What Lucas may or may not have been planning back then has been rendered largely irrelevant by Acolyte's grabbing on to that ambiguity and making it very solidly canonical.
Someone lurking in a cave entrance may be provocative but it still stops short of solid confirmation of anything. That the twins were apparently created by Aniseya does not exactly force us ( pun not intended ) into a conclusion regarding Anakin.
Because of this, it can now be strongly inferred that this is also how Anakin was made, through a similar process that Palpatine learned through Plagueis before the former killed the latter.

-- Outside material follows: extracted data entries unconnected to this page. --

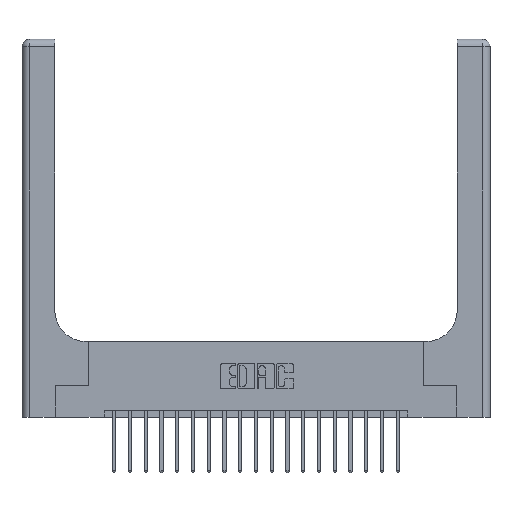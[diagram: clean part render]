
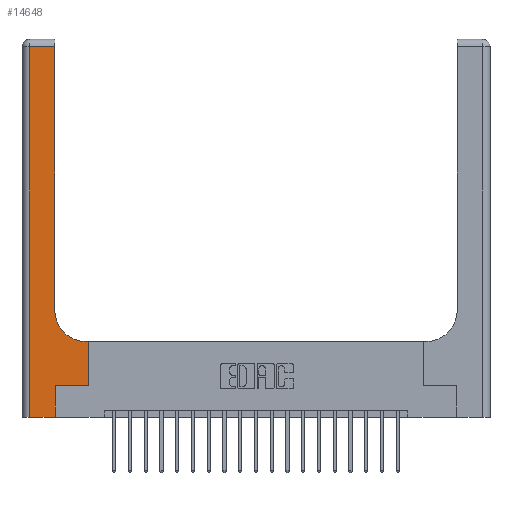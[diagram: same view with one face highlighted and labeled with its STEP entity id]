
A CAD part, top view. The second image highlights one B-rep face of the part: STEP entity #14648.
In plain terms, the highlighted planar face has unit normal (0, 0, 1).
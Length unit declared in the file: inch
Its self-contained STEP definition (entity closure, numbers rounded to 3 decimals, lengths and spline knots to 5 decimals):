
#4 = CARTESIAN_POINT ( 'NONE',  ( 0.06, 0., 0.37 ) ) ;
#629 = CARTESIAN_POINT ( 'NONE',  ( 0.26, 0.6, 0.37 ) ) ;
#768 = VERTEX_POINT ( 'NONE', #5521 ) ;
#931 = LINE ( 'NONE', #7798, #20637 ) ;
#1291 = DIRECTION ( 'NONE',  ( 0., 1., 0. ) ) ;
#1551 = CARTESIAN_POINT ( 'NONE',  ( 0.265, 0.25, 0.37 ) ) ;
#2492 = AXIS2_PLACEMENT_3D ( 'NONE', #15936, #6194, #9818 ) ;
#2918 = ORIENTED_EDGE ( 'NONE', *, *, #8591, .T. ) ;
#3216 = CARTESIAN_POINT ( 'NONE',  ( 0.265, 0., 0.37 ) ) ;
#3493 = DIRECTION ( 'NONE',  ( 0., 0., -1. ) ) ;
#3780 = DIRECTION ( 'NONE',  ( 0., 1., 0. ) ) ;
#3809 = EDGE_CURVE ( 'NONE', #14695, #768, #9443, .T. ) ;
#4081 = DIRECTION ( 'NONE',  ( 0., -1., 0. ) ) ;
#4127 = ORIENTED_EDGE ( 'NONE', *, *, #18859, .T. ) ;
#4227 = EDGE_CURVE ( 'NONE', #13796, #18906, #11738, .T. ) ;
#4386 = LINE ( 'NONE', #1551, #14988 ) ;
#5136 = CARTESIAN_POINT ( 'NONE',  ( 0.265, 0., 0.37 ) ) ;
#5521 = CARTESIAN_POINT ( 'NONE',  ( 0.528, 0.6, 0.37 ) ) ;
#5784 = VERTEX_POINT ( 'NONE', #17832 ) ;
#5927 = VECTOR ( 'NONE', #21100, 39.37008 ) ;
#6049 = CARTESIAN_POINT ( 'NONE',  ( 0., 0., 0.37 ) ) ;
#6194 = DIRECTION ( 'NONE',  ( 0., 0., -1. ) ) ;
#6966 = VECTOR ( 'NONE', #20226, 39.37008 ) ;
#7090 = CARTESIAN_POINT ( 'NONE',  ( 0., 3., 0.37 ) ) ;
#7798 = CARTESIAN_POINT ( 'NONE',  ( 0.06, 3., 0.37 ) ) ;
#8591 = EDGE_CURVE ( 'NONE', #16122, #14695, #4386, .T. ) ;
#8742 = LINE ( 'NONE', #5136, #9319 ) ;
#9319 = VECTOR ( 'NONE', #19976, 39.37008 ) ;
#9356 = LINE ( 'NONE', #6049, #5927 ) ;
#9443 = LINE ( 'NONE', #15985, #15481 ) ;
#9518 = CARTESIAN_POINT ( 'NONE',  ( 0.26, 2.94, 0.37 ) ) ;
#9818 = DIRECTION ( 'NONE',  ( 1., 0., 0. ) ) ;
#9974 = EDGE_CURVE ( 'NONE', #14069, #5784, #13043, .T. ) ;
#10094 = FACE_OUTER_BOUND ( 'NONE', #12075, .T. ) ;
#10157 = ORIENTED_EDGE ( 'NONE', *, *, #15040, .T. ) ;
#10174 = LINE ( 'NONE', #13183, #15360 ) ;
#10431 = ORIENTED_EDGE ( 'NONE', *, *, #3809, .T. ) ;
#11738 = CIRCLE ( 'NONE', #2492, 0.25 ) ;
#11996 = VECTOR ( 'NONE', #12842, 39.37008 ) ;
#12075 = EDGE_LOOP ( 'NONE', ( #10157, #18898, #4127, #20638, #20562, #2918, #10431, #15768, #13002 ) ) ;
#12426 = EDGE_CURVE ( 'NONE', #768, #13796, #15338, .T. ) ;
#12842 = DIRECTION ( 'NONE',  ( -1., 0., 0. ) ) ;
#13002 = ORIENTED_EDGE ( 'NONE', *, *, #4227, .T. ) ;
#13043 = LINE ( 'NONE', #19531, #11996 ) ;
#13183 = CARTESIAN_POINT ( 'NONE',  ( 0.26, 3., 0.37 ) ) ;
#13796 = VERTEX_POINT ( 'NONE', #19988 ) ;
#14069 = VERTEX_POINT ( 'NONE', #9518 ) ;
#14648 = ADVANCED_FACE ( 'NONE', ( #10094 ), #18236, .F. ) ;
#14695 = VERTEX_POINT ( 'NONE', #15146 ) ;
#14838 = VERTEX_POINT ( 'NONE', #4 ) ;
#14988 = VECTOR ( 'NONE', #16034, 39.37008 ) ;
#15040 = EDGE_CURVE ( 'NONE', #18906, #14069, #10174, .T. ) ;
#15146 = CARTESIAN_POINT ( 'NONE',  ( 0.528, 0.25, 0.37 ) ) ;
#15309 = VERTEX_POINT ( 'NONE', #3216 ) ;
#15338 = LINE ( 'NONE', #629, #6966 ) ;
#15360 = VECTOR ( 'NONE', #3780, 39.37008 ) ;
#15481 = VECTOR ( 'NONE', #1291, 39.37008 ) ;
#15768 = ORIENTED_EDGE ( 'NONE', *, *, #12426, .T. ) ;
#15936 = CARTESIAN_POINT ( 'NONE',  ( 0.51, 0.85, 0.37 ) ) ;
#15985 = CARTESIAN_POINT ( 'NONE',  ( 0.528, 0.25, 0.37 ) ) ;
#16034 = DIRECTION ( 'NONE',  ( 1., 0., 0. ) ) ;
#16122 = VERTEX_POINT ( 'NONE', #17966 ) ;
#16300 = EDGE_CURVE ( 'NONE', #15309, #16122, #8742, .T. ) ;
#17832 = CARTESIAN_POINT ( 'NONE',  ( 0.06, 2.94, 0.37 ) ) ;
#17966 = CARTESIAN_POINT ( 'NONE',  ( 0.265, 0.25, 0.37 ) ) ;
#18236 = PLANE ( 'NONE',  #19697 ) ;
#18641 = EDGE_CURVE ( 'NONE', #14838, #15309, #9356, .T. ) ;
#18859 = EDGE_CURVE ( 'NONE', #5784, #14838, #931, .T. ) ;
#18898 = ORIENTED_EDGE ( 'NONE', *, *, #9974, .T. ) ;
#18906 = VERTEX_POINT ( 'NONE', #20298 ) ;
#19531 = CARTESIAN_POINT ( 'NONE',  ( 0., 2.94, 0.37 ) ) ;
#19697 = AXIS2_PLACEMENT_3D ( 'NONE', #7090, #3493, #19915 ) ;
#19915 = DIRECTION ( 'NONE',  ( -1., 0., 0. ) ) ;
#19976 = DIRECTION ( 'NONE',  ( 0., 1., 0. ) ) ;
#19988 = CARTESIAN_POINT ( 'NONE',  ( 0.51, 0.6, 0.37 ) ) ;
#20226 = DIRECTION ( 'NONE',  ( -1., 0., 0. ) ) ;
#20298 = CARTESIAN_POINT ( 'NONE',  ( 0.26, 0.85, 0.37 ) ) ;
#20562 = ORIENTED_EDGE ( 'NONE', *, *, #16300, .T. ) ;
#20637 = VECTOR ( 'NONE', #4081, 39.37008 ) ;
#20638 = ORIENTED_EDGE ( 'NONE', *, *, #18641, .T. ) ;
#21100 = DIRECTION ( 'NONE',  ( 1., 0., 0. ) ) ;

Plagueis doing it himself makes more sense than Palpatine doing it.
 
Huh - Now THAT is an interesting take. I honestly never considered that Plagueis himself would have been responsible for creating Anakin and not Palpatine. I always assumed (possibly incorrectly) that it was Palpatine. That would neatly explain his focus on training Maul as his apprentice, leading up to Anakin's discovery on Tatooine by the Jedi.

I'm not familiar with the timeline there. Does Anakin's birth coincide within ~9 months of Palpatine removing Plagueis from the board? If it tracks, time-wise, then this is a much more plausible series of events.
 
The suggestion is that Anakin is the response from the Force to Plagueis' attempts to create life. The Sith created an imbalance and the Force responded by making Anakin, elsewhere.
 
I never minded the Force possible creative aspect, but I do disagree with Palpatine as causing Anakin. If he did from knowledge from Plagueis then the knowledge to stop people from dying would not be his carrot to Anakin.

While I don't know the timeline, I imagine Palpatine was working to usurp his master and did so shortly before the Naboo Crisis.